I trust none of you here mithering about women needing to take personal responsibility etc are ever going to ask your mothers or other older women in your family for help with childcare.

InfiniteSheldon · 03/10/2019 11:11

I used to feel the same as you in fact i felt quite strongly that if we want to be equal to men all things like this should be equal. But the truth is we are not equal to men definitely not financially and I now find myself in my mid 50s menopausal really struggling to work but keeping going and that's fine i have always supported mysekf and always will but finding my pension age has been shifted from 60 to 67 now seems much harsher.
More importantly I find myself coming towards the end of my working life where I have earned significantly less than men because women do! I've got a first class degree I've really enjoyed my working life but I haven't ever earnt what the guys I went to college with earnt. And that's because I devoted several years of my life to maternity: to bringing children up to being the one that left work to get children from school thatcarrued tge load.

I was disadvantaged by my biology all throughout my working career and a pension age of 60 would reflect that.
I have worked as hard but earned less and have saved less than the equivalent men of my age so really I've come complete 180` on this. My pension age should still be 60 and actually I think it's appalling that as women we still think the fight is to be equal, to be the same as men we really are never going to do that our biology disadvantages us we have different needs, wants aims and desires and we need to have that reflected somehow somewhere.
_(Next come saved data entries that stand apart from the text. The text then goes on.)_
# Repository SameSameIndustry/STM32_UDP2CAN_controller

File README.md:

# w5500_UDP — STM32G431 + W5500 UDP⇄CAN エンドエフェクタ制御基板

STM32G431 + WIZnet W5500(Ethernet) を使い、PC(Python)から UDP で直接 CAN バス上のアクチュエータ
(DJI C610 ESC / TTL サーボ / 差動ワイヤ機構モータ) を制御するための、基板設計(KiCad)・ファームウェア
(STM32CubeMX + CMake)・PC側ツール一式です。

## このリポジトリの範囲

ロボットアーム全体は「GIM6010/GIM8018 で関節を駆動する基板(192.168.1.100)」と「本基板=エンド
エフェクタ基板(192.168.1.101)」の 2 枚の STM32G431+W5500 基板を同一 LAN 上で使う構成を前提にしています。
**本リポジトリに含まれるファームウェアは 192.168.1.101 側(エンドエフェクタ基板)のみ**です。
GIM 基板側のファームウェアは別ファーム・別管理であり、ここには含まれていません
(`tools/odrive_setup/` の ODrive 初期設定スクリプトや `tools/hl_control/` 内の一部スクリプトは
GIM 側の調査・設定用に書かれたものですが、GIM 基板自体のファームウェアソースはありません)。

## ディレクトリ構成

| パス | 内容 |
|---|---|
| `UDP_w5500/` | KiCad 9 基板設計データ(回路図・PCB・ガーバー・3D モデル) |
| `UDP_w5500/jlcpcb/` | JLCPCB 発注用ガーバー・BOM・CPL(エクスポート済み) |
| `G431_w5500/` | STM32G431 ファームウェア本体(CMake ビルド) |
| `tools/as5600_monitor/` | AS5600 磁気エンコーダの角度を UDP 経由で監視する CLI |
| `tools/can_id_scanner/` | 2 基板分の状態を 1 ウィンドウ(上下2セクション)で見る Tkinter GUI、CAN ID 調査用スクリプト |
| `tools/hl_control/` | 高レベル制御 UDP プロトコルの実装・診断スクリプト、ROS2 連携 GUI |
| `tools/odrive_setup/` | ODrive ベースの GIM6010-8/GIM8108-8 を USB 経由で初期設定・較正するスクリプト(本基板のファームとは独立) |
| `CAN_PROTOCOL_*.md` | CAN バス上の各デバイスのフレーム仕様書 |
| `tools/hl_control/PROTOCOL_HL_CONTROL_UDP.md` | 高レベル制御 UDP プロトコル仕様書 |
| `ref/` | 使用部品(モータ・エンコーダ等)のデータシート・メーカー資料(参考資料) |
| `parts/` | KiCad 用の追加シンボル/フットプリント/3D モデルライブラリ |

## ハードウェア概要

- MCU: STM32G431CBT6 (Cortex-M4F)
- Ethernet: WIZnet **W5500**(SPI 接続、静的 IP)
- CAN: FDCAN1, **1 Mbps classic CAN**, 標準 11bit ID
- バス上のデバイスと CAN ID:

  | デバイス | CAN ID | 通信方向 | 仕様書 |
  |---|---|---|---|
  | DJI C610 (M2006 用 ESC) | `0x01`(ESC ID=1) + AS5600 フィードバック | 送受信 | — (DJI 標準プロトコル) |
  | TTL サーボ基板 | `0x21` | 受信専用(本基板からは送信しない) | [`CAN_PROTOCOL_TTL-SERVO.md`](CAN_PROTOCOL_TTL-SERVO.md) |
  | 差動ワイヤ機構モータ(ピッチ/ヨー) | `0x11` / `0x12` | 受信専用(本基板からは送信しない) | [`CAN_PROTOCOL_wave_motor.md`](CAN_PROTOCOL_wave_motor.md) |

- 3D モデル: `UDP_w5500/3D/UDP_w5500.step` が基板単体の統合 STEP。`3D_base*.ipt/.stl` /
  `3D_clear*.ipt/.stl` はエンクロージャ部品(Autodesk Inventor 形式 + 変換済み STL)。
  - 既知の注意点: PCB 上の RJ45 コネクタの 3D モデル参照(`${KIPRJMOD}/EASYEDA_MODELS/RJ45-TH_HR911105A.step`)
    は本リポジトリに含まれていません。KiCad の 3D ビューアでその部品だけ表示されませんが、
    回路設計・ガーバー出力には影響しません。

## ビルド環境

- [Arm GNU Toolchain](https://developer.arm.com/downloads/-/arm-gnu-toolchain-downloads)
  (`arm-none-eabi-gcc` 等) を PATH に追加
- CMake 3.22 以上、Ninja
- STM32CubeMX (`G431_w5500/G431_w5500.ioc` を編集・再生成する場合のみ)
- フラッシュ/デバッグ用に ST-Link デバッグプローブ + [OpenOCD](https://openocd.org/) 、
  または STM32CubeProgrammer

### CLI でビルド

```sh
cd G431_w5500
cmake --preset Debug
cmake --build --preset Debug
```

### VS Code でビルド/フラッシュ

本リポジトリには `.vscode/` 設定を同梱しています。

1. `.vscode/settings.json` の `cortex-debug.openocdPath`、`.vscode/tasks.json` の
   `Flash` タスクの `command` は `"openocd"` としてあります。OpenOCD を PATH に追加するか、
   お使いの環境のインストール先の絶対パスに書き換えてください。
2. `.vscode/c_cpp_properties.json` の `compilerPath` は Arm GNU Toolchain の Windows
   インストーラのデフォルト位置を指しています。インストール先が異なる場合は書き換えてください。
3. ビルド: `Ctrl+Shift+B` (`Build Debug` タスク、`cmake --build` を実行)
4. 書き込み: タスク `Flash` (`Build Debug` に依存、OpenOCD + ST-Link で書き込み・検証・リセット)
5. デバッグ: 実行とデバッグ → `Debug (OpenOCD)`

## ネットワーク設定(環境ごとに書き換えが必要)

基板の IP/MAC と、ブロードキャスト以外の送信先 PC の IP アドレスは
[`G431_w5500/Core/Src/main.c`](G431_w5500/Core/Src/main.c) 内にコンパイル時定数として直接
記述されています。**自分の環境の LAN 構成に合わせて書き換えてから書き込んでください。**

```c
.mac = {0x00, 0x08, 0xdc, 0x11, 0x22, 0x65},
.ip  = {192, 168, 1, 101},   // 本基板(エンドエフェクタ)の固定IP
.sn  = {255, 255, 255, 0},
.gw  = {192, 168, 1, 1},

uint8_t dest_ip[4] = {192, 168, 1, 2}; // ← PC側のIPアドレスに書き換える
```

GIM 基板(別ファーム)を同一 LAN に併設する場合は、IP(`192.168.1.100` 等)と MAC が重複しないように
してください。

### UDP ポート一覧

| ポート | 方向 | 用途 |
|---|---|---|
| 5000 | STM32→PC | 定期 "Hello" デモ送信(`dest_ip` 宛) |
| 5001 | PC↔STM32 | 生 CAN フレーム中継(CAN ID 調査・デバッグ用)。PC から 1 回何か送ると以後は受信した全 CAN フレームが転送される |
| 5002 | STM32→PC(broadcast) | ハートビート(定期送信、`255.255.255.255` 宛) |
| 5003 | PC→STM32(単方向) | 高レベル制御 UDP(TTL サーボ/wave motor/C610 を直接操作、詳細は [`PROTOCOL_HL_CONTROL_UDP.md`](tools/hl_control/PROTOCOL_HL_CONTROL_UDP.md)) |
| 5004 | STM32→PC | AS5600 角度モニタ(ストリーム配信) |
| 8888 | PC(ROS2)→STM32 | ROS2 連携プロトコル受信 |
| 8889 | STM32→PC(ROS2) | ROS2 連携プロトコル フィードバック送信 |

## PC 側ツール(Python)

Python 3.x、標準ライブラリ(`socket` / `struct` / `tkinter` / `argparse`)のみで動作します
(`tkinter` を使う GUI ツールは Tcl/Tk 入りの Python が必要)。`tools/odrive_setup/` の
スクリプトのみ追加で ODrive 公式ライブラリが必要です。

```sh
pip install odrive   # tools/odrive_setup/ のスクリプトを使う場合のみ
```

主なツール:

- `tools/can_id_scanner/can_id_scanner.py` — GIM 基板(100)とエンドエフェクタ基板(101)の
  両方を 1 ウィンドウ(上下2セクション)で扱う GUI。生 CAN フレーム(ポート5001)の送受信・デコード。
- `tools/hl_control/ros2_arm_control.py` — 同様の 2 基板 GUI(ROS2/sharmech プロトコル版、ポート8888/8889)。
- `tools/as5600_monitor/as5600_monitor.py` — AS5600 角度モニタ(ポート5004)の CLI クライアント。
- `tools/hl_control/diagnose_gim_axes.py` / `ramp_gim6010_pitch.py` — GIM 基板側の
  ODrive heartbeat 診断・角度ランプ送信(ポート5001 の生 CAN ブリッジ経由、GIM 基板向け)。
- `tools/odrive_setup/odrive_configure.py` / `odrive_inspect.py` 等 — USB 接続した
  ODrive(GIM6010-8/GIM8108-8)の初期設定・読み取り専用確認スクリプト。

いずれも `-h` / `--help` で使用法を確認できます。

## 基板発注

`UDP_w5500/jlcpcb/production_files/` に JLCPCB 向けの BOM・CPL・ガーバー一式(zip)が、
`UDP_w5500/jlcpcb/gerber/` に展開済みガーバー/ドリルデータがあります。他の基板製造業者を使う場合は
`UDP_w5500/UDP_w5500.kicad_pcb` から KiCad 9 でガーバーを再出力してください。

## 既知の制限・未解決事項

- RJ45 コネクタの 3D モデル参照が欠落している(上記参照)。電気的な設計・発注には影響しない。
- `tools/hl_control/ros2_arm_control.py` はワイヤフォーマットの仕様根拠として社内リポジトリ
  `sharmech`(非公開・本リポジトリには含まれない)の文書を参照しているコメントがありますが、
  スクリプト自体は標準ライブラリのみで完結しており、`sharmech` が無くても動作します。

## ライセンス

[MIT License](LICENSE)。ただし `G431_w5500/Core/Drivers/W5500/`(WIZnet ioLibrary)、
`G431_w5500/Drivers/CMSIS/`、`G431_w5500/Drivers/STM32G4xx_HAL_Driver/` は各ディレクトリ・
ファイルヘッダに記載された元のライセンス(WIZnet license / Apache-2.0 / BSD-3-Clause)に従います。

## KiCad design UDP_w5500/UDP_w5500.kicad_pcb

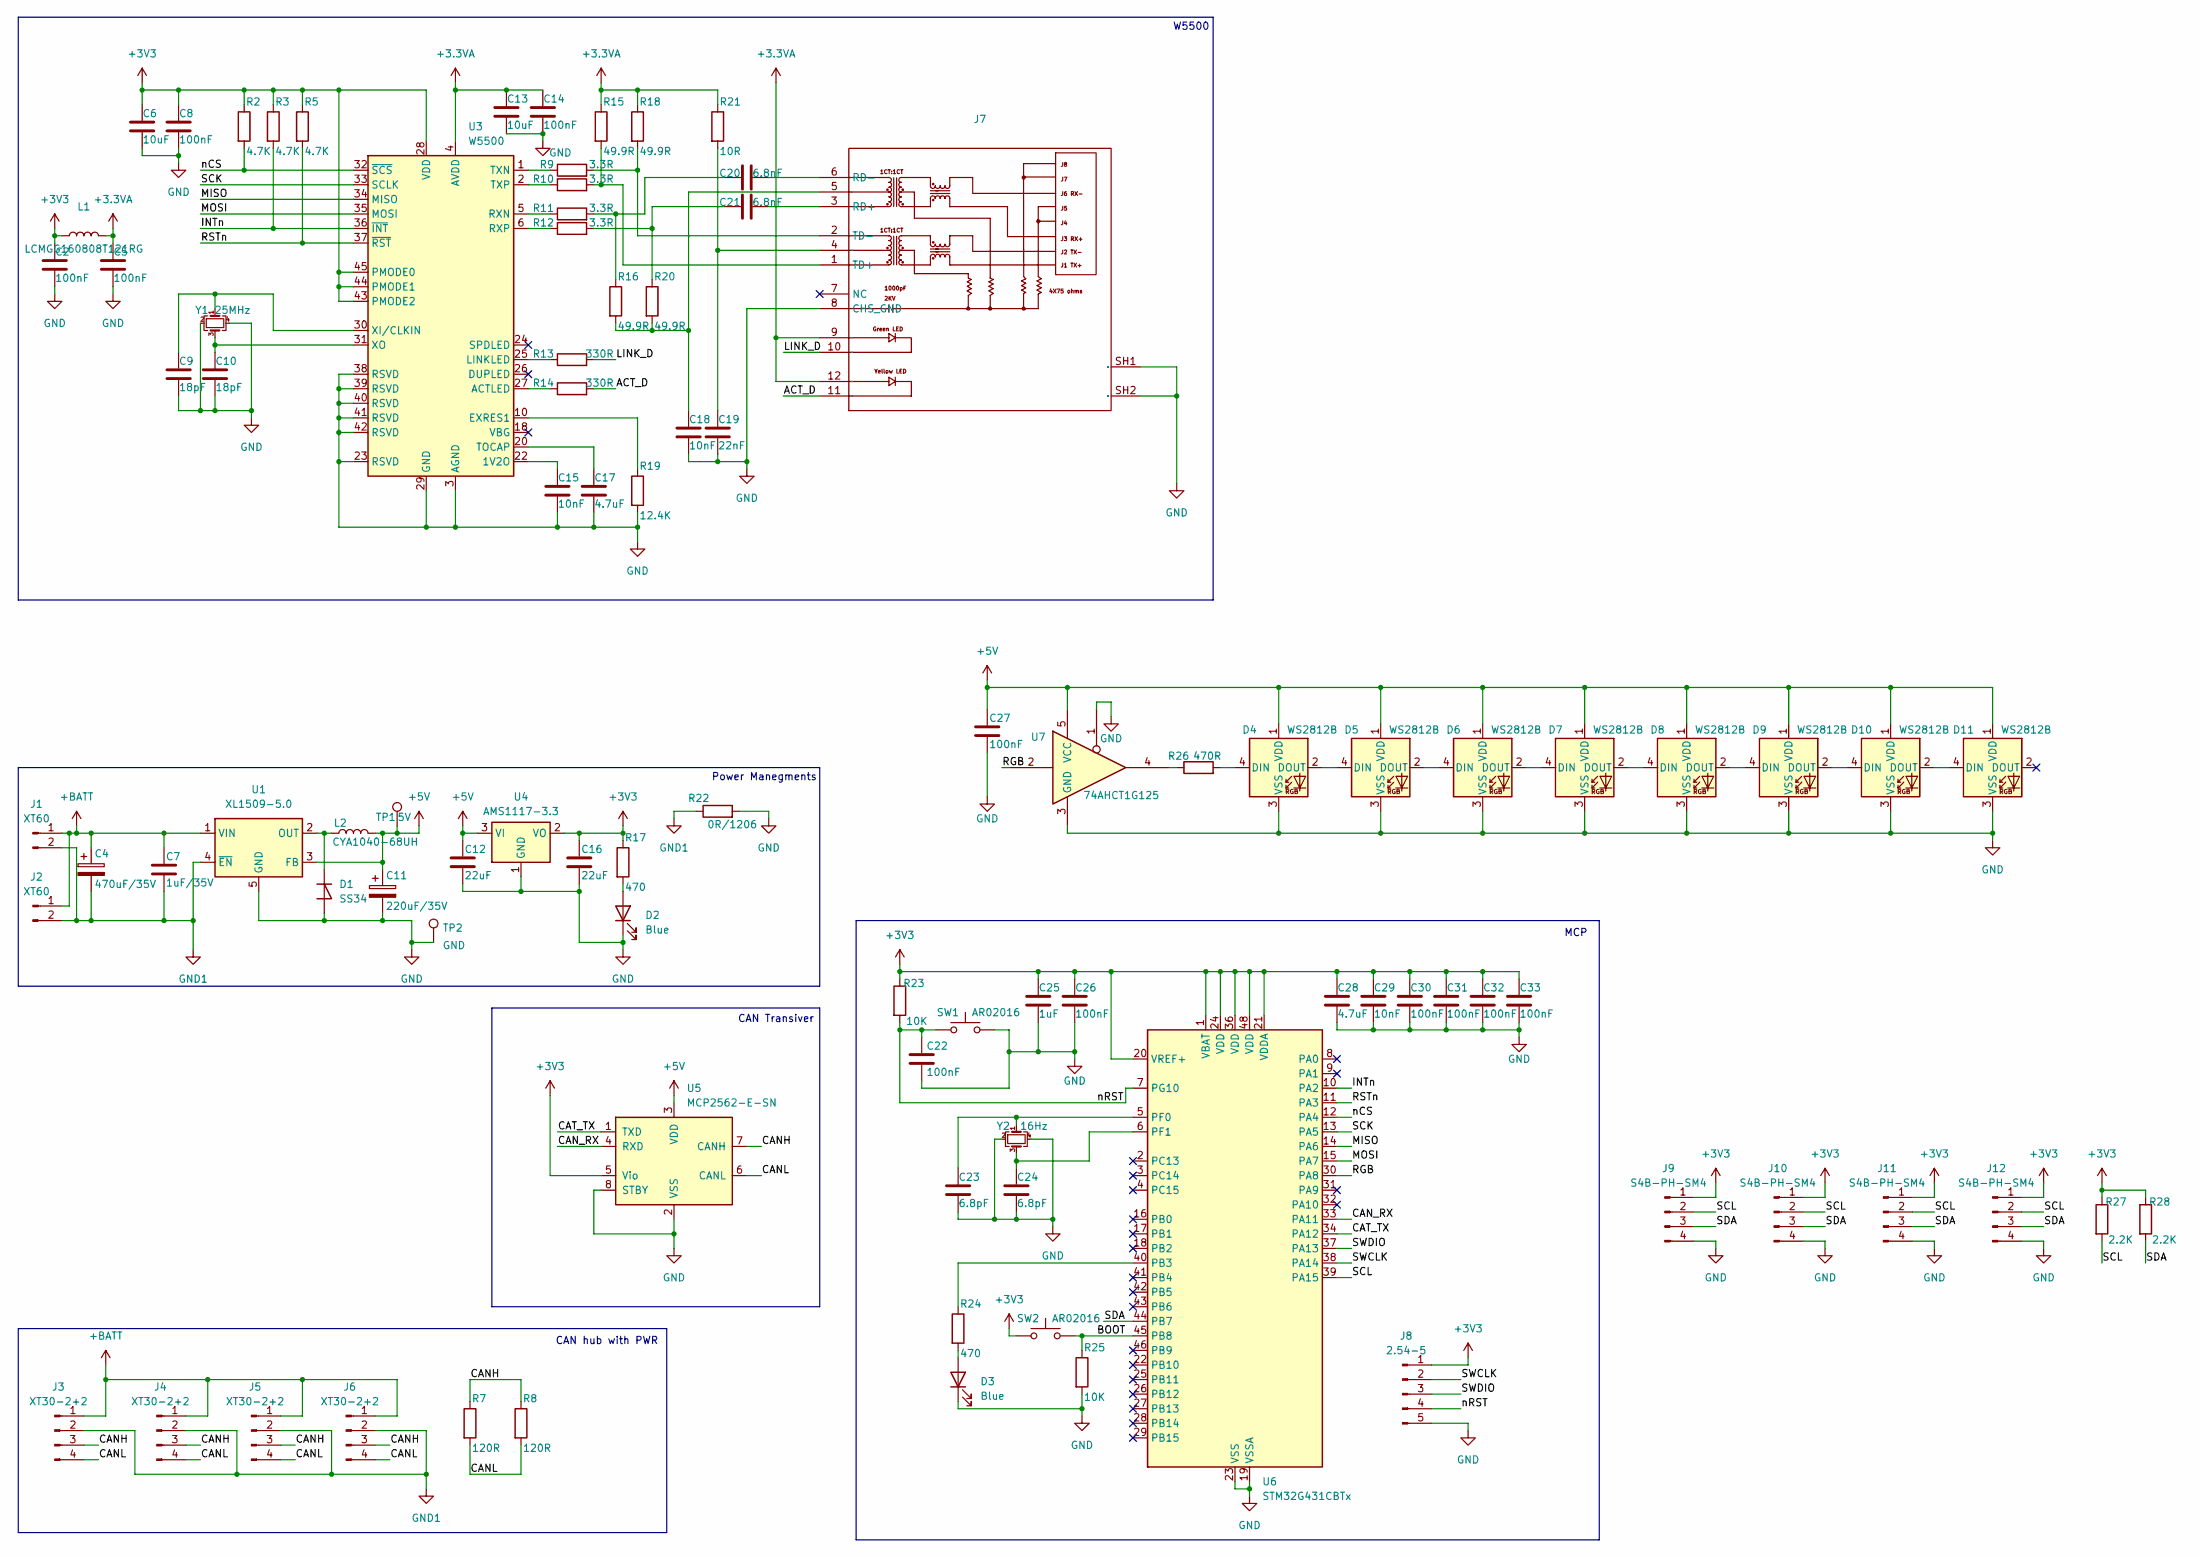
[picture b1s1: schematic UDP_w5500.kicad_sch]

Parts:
C2, C5, C8, C14, C22, C26, C27, C30, C31, C32, C33: 100nF; C_0603_1608Metric_Pad1.08x0.95mm_HandSolder; LCSC C14663
C4: 470uF/35V; CP_Radial_D10.0mm_P5.00mm
C6, C13: 10uF; C_0603_1608Metric_Pad1.08x0.95mm_HandSolder; LCSC C19702
C7: 1uF/35V; C_0603_1608Metric_Pad1.08x0.95mm_HandSolder; LCSC C15849
C9, C10: 18pF; C_0603_1608Metric_Pad1.08x0.95mm_HandSolder; LCSC C1647
C11: 220uF/35V; CP_Radial_D8.0mm_P3.50mm
C12, C16: 22uF; C_0603_1608Metric_Pad1.08x0.95mm_HandSolder; LCSC C59461
C15, C18, C29: 10nF; C_0603_1608Metric_Pad1.08x0.95mm_HandSolder; LCSC C57112
C17, C28: 4.7uF; C_0603_1608Metric_Pad1.08x0.95mm_HandSolder; LCSC C19666
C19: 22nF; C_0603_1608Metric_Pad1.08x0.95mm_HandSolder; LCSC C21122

Trewser · 03/10/2019 11:14

TalbotAMan all employees have to be registered with company pension but only since 2017! So not surprisingly some if the older employees opted out

Patnotpending · 03/10/2019 11:15

@echt

A more equitable response might have been to lower men's retirement age to 63 and raise women's to that level too. But that would have been expensive.

Women have lost out far worse to austerity over the last 10 years than men:

fullfact.org/economy/austerity-women/

TetherEndReached · 03/10/2019 11:15

Patnotpending Great post.

Trewser · 03/10/2019 11:16

Just reminding everyone that there is no actual compulsory retirement age, as some earlier posters seem to think there is.

MyDcAreMarvel · 03/10/2019 11:20

I am nearly 70, not entitled to any disability benefit, because my DH is working!
That’s nonsense you can claim AA it’s not means tested.

Tippety · 03/10/2019 11:21

Meh I think you'd have been annoyed to if people a few months older than you could get their state pension earlier. There needed to be a cut off, but perhaps people entering the workplace so it worked through. I don't think there will be one in a few decades which is why it's become compulsory to have one at work, so I'm saving saving saving.

echt · 03/10/2019 11:22

PatnotPending I couldn't agree more. I was just making the point that somehow it's never about equalising down in this case.

TalbotAMan · 03/10/2019 11:26

Trewser

Well, if you want women to be able to retire earlier all you have to do is ensure that your pension scheme will give them enough to do so.

Of course, the same option will need to be available for men.

WellButterMyArse · 03/10/2019 11:30

The point is that the men who missed out were not excluded because of their sex jingling. That is not to say there are no forms of discrimination other than sex discrimination, there are and some women suffer from them too. And just general disadvantage.

But the pension rise was and is specifically justified as being on the basis of equality between the sexes. The same pension age, but some women having been excluded from certain benefits because they're women while no men were due to their sex, isnt equality. The women with no occupational pensions because of sex discrimination are not in the same position as the men who have no occupational pensions for reasons other than sex discrimination.